**Dataset content:**
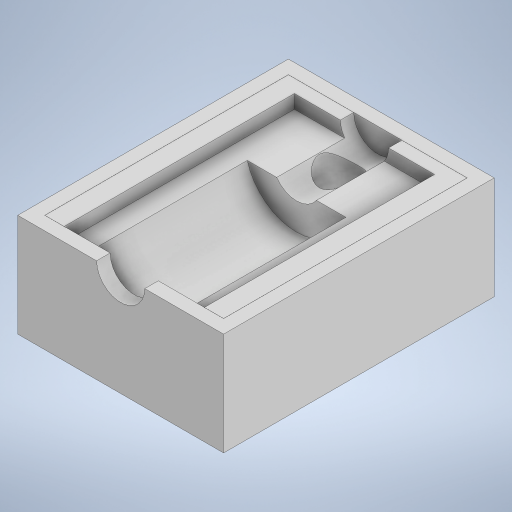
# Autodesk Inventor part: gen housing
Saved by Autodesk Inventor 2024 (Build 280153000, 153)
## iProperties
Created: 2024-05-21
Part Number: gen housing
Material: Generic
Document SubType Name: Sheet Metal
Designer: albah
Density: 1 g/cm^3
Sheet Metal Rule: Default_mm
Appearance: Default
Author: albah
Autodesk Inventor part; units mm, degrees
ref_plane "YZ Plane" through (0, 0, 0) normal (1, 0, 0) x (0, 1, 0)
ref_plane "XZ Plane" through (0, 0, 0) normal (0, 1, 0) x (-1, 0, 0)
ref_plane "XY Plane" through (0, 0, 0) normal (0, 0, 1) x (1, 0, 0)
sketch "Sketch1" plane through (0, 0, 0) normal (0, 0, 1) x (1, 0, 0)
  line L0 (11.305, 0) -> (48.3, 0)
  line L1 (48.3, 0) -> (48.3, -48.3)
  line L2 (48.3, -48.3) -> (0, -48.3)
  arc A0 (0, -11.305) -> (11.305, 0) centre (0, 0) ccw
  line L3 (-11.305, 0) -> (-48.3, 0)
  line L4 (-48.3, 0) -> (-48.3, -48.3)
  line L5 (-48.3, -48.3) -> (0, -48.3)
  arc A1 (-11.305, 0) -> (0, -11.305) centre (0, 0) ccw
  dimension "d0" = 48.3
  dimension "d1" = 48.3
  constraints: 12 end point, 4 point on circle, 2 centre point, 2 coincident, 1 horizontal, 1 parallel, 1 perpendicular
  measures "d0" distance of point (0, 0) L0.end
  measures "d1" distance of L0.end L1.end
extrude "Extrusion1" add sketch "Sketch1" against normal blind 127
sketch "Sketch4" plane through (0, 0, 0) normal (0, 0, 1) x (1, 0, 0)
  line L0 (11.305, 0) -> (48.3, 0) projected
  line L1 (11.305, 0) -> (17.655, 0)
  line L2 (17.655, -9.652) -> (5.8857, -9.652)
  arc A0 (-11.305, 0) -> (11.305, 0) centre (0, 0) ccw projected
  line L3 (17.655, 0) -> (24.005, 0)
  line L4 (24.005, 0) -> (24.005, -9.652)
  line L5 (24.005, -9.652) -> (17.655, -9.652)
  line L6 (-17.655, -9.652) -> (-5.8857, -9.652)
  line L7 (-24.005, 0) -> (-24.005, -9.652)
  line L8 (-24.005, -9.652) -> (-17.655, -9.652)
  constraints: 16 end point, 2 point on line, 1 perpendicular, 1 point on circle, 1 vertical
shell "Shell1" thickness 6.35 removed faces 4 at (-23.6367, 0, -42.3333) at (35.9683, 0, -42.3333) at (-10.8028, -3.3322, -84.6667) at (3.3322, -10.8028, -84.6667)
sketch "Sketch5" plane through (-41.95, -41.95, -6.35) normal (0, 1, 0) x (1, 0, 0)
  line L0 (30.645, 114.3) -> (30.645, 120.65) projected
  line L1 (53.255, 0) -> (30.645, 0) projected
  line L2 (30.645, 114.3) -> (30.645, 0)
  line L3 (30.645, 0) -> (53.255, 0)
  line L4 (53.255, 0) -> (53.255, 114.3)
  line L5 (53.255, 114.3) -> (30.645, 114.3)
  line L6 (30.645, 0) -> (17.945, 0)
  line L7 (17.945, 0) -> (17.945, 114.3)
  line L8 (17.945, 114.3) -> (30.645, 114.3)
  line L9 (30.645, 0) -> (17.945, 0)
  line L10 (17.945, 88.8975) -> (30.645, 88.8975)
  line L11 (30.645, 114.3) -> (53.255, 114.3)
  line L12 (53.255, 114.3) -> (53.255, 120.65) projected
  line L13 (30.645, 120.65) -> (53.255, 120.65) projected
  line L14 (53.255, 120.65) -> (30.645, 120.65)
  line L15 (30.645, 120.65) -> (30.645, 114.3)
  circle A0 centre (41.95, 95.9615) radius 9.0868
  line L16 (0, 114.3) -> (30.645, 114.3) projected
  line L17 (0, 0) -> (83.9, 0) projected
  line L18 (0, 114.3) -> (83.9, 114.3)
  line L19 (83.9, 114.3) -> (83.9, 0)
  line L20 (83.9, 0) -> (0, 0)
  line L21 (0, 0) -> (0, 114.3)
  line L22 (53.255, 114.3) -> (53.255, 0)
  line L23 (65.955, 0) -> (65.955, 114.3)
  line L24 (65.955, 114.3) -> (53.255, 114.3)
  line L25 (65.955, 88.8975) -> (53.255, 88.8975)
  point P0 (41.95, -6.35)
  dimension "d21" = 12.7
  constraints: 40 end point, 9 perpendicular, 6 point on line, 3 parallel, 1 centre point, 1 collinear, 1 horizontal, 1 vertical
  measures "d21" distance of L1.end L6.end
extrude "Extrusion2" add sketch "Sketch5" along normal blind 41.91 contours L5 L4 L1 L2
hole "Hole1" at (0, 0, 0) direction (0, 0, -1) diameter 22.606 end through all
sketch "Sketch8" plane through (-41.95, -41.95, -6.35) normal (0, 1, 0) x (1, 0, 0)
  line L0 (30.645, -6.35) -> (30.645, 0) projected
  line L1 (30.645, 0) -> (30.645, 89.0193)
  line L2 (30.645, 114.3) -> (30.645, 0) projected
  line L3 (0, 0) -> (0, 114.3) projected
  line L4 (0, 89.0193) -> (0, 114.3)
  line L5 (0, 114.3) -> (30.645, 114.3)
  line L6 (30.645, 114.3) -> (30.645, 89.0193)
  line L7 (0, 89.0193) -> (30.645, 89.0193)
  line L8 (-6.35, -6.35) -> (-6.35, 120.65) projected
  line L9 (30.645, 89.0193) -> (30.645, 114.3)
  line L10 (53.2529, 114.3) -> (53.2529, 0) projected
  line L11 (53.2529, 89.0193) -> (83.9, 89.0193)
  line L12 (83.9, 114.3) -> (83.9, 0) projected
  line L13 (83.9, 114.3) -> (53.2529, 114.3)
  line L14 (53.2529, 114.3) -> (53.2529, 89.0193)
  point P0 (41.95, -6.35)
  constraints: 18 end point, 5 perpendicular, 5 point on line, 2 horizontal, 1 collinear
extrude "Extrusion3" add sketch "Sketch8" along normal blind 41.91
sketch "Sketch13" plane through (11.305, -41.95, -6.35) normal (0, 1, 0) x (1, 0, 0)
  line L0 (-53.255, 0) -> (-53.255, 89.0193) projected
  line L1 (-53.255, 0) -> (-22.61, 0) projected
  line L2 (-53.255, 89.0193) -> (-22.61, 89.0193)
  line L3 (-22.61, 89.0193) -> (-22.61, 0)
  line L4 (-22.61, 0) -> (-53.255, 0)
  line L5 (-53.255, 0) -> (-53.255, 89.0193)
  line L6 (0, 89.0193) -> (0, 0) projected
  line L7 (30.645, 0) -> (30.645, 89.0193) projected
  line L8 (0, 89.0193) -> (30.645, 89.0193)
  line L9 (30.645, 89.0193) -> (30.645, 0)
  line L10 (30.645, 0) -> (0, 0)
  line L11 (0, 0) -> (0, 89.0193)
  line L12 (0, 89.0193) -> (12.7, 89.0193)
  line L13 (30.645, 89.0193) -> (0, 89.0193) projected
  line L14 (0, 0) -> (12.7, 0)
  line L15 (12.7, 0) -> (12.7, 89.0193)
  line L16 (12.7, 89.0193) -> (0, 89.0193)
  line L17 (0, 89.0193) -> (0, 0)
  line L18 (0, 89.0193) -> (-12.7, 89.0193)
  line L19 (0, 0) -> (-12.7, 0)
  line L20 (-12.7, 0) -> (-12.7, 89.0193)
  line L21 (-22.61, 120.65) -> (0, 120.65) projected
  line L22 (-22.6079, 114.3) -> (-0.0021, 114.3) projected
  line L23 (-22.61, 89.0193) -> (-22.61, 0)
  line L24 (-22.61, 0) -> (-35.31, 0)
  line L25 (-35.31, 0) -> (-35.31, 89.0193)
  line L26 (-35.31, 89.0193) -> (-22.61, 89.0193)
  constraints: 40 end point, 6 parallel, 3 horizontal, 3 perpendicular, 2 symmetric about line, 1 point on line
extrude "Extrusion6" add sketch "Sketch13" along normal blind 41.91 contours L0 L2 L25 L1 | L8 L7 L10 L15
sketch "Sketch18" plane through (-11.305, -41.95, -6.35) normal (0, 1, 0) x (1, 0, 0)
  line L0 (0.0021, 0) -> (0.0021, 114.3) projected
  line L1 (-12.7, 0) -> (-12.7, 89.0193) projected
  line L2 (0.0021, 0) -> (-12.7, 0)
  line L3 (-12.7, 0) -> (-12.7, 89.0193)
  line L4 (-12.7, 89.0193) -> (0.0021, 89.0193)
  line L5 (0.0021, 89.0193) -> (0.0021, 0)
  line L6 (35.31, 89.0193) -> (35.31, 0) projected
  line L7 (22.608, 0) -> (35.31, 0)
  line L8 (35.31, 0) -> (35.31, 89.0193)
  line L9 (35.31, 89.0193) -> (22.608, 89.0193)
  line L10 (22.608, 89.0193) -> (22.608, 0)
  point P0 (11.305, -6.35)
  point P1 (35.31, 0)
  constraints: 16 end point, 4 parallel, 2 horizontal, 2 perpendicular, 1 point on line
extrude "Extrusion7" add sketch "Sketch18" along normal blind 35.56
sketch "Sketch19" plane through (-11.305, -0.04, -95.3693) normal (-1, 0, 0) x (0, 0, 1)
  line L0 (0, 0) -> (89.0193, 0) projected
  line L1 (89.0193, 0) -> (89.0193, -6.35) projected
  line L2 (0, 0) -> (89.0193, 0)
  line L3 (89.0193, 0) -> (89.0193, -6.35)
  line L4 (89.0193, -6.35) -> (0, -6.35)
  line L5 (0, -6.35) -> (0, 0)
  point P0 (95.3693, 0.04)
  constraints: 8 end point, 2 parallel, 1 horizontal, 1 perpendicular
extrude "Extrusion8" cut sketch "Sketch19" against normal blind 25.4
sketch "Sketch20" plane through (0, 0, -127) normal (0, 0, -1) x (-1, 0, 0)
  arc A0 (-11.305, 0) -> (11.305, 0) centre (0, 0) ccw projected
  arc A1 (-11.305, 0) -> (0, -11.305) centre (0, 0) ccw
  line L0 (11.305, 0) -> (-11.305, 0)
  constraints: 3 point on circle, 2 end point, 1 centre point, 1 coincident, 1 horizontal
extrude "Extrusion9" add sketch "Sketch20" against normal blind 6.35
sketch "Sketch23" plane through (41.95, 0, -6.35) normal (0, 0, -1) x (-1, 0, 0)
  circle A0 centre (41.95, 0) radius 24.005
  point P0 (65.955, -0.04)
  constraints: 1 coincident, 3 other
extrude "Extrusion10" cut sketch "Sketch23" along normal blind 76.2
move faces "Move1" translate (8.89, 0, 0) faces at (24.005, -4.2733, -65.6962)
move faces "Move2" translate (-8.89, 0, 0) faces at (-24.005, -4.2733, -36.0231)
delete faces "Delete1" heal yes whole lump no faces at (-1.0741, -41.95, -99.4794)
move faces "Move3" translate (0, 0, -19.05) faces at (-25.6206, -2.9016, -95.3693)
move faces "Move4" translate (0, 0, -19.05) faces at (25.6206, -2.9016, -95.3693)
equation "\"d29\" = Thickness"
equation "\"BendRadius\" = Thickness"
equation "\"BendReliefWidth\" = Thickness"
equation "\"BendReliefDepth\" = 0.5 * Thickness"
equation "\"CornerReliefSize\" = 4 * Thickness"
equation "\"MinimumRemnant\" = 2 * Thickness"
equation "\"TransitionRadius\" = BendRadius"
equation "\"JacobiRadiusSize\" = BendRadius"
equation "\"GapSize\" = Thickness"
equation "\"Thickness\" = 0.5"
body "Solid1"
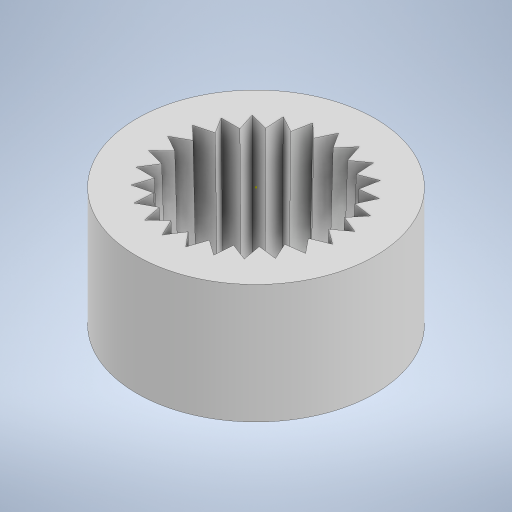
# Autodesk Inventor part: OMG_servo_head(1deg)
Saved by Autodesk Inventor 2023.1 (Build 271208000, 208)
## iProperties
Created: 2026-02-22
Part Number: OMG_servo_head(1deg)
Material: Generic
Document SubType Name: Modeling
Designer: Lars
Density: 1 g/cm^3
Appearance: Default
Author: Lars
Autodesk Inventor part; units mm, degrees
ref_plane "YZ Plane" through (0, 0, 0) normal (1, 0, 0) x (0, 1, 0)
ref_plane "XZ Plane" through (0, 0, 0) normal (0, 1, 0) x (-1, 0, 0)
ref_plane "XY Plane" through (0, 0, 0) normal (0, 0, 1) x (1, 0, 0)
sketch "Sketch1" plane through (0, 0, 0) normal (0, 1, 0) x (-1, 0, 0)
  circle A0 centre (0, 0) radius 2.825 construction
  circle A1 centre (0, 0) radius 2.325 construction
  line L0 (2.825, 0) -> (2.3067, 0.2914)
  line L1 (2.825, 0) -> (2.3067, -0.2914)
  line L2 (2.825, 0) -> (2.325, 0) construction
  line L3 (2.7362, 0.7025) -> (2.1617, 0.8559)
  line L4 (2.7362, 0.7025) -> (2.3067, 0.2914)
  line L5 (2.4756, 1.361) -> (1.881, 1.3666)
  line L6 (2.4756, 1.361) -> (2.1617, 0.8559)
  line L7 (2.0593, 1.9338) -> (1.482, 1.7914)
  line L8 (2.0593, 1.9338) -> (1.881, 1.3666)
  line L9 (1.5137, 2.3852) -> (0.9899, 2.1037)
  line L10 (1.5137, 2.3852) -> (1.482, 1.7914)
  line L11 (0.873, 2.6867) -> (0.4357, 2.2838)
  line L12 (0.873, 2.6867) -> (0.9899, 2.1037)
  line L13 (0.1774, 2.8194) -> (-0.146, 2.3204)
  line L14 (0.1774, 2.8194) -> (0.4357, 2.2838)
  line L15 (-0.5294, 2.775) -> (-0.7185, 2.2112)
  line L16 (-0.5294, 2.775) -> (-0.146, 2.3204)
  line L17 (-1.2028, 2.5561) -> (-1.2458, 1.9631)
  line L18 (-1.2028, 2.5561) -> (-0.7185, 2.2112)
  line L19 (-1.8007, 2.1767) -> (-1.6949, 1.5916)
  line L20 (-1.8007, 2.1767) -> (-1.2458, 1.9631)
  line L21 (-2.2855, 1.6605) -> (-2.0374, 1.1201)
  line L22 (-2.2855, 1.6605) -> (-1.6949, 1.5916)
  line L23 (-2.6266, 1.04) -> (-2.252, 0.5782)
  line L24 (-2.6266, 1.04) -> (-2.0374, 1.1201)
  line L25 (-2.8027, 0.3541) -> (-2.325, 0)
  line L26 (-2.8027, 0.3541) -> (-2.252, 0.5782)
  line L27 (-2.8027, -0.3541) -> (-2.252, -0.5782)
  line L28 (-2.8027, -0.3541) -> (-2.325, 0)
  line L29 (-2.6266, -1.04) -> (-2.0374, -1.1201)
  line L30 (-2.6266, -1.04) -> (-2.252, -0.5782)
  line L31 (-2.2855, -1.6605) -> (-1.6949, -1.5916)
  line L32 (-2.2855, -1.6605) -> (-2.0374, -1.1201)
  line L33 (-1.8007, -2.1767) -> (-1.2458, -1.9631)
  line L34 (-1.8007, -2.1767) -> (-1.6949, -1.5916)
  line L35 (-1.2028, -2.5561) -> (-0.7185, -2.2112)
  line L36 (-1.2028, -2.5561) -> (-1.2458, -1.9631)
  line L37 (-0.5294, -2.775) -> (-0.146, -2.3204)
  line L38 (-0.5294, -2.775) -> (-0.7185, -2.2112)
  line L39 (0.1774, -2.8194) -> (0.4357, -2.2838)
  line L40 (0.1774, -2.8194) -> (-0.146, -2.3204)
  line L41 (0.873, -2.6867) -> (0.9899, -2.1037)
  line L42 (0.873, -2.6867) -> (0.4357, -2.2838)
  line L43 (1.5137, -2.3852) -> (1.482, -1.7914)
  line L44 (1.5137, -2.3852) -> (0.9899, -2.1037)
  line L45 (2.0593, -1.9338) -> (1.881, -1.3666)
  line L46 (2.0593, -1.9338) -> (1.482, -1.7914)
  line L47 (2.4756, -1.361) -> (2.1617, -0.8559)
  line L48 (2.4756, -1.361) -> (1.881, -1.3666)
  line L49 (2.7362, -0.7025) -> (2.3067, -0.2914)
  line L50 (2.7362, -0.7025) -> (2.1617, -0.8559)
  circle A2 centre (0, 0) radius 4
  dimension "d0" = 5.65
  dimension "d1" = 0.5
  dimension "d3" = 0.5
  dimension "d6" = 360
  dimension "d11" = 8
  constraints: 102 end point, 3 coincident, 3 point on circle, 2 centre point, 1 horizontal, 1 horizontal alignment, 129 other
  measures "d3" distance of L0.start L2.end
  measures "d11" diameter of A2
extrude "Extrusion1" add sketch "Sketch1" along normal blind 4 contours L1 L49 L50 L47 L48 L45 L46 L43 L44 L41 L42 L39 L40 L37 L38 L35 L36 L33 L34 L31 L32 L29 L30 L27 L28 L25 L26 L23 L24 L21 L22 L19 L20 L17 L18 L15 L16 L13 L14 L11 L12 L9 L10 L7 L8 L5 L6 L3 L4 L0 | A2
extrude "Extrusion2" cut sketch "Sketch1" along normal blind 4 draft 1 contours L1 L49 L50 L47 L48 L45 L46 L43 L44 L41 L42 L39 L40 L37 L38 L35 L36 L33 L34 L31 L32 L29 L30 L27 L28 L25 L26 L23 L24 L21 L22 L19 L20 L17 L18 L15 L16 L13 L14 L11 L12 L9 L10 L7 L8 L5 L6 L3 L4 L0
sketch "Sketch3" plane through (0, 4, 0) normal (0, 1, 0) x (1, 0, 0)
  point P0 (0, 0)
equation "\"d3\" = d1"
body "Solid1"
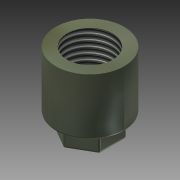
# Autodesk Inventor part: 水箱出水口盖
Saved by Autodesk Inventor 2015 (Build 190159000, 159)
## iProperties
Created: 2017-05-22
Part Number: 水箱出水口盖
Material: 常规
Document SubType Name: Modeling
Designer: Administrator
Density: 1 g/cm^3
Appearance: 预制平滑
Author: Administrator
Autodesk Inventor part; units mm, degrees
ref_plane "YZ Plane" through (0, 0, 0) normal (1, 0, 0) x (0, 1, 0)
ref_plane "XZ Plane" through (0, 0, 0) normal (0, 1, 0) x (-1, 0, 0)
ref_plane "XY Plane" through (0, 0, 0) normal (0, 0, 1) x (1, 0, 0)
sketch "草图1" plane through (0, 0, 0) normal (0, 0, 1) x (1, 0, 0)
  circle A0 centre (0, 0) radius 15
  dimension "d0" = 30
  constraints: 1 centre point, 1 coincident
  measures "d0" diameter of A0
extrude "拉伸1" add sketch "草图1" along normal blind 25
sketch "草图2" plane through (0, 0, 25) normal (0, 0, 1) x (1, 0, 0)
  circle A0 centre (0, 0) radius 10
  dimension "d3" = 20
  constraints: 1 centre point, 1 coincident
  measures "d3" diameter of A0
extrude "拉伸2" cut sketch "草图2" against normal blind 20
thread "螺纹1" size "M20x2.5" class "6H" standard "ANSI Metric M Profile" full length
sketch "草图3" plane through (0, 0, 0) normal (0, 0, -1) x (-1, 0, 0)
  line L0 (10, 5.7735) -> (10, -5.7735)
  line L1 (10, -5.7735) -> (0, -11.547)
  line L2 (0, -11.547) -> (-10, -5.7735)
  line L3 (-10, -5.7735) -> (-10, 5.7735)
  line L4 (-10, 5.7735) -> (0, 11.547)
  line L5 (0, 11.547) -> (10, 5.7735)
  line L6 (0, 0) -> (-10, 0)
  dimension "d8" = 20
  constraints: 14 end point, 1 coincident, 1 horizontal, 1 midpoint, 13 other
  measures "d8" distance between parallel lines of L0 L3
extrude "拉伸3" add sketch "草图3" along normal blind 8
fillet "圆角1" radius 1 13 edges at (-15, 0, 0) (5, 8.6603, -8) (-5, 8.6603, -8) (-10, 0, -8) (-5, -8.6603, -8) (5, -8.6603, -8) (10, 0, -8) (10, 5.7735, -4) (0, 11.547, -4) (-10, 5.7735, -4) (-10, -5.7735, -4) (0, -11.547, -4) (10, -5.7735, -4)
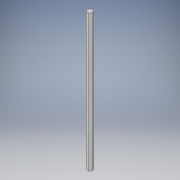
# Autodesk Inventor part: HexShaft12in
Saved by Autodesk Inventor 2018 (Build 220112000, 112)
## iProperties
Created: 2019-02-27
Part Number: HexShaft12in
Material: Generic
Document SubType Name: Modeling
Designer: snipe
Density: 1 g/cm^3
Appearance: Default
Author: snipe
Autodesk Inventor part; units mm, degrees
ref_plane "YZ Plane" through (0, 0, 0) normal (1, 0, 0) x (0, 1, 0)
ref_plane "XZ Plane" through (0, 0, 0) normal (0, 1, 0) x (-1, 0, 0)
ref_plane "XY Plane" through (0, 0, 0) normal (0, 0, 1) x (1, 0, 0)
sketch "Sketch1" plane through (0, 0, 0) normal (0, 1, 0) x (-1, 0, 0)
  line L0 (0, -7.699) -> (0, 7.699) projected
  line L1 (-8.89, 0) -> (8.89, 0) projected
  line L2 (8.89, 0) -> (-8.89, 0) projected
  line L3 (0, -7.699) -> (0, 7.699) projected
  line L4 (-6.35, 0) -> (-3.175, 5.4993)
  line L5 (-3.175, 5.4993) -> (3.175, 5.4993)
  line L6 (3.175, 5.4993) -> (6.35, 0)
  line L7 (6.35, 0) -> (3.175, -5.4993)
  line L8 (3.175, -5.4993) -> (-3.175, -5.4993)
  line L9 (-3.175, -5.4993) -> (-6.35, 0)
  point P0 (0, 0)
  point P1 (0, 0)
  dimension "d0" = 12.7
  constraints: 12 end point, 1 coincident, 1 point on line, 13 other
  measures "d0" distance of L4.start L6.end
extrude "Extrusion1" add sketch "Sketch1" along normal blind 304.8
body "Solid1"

**Task prompt:** Using the entries above, give back exactly the line containing "circle A2 centre (0, 0) radius 4", the line containing "diameter of A2", and every line between them, and nothing else.

**Response below:**
  circle A2 centre (0, 0) radius 4
  dimension "d0" = 5.65
  dimension "d1" = 0.5
  dimension "d3" = 0.5
  dimension "d6" = 360
  dimension "d11" = 8
  constraints: 102 end point, 3 coincident, 3 point on circle, 2 centre point, 1 horizontal, 1 horizontal alignment, 129 other
  measures "d3" distance of L0.start L2.end
  measures "d11" diameter of A2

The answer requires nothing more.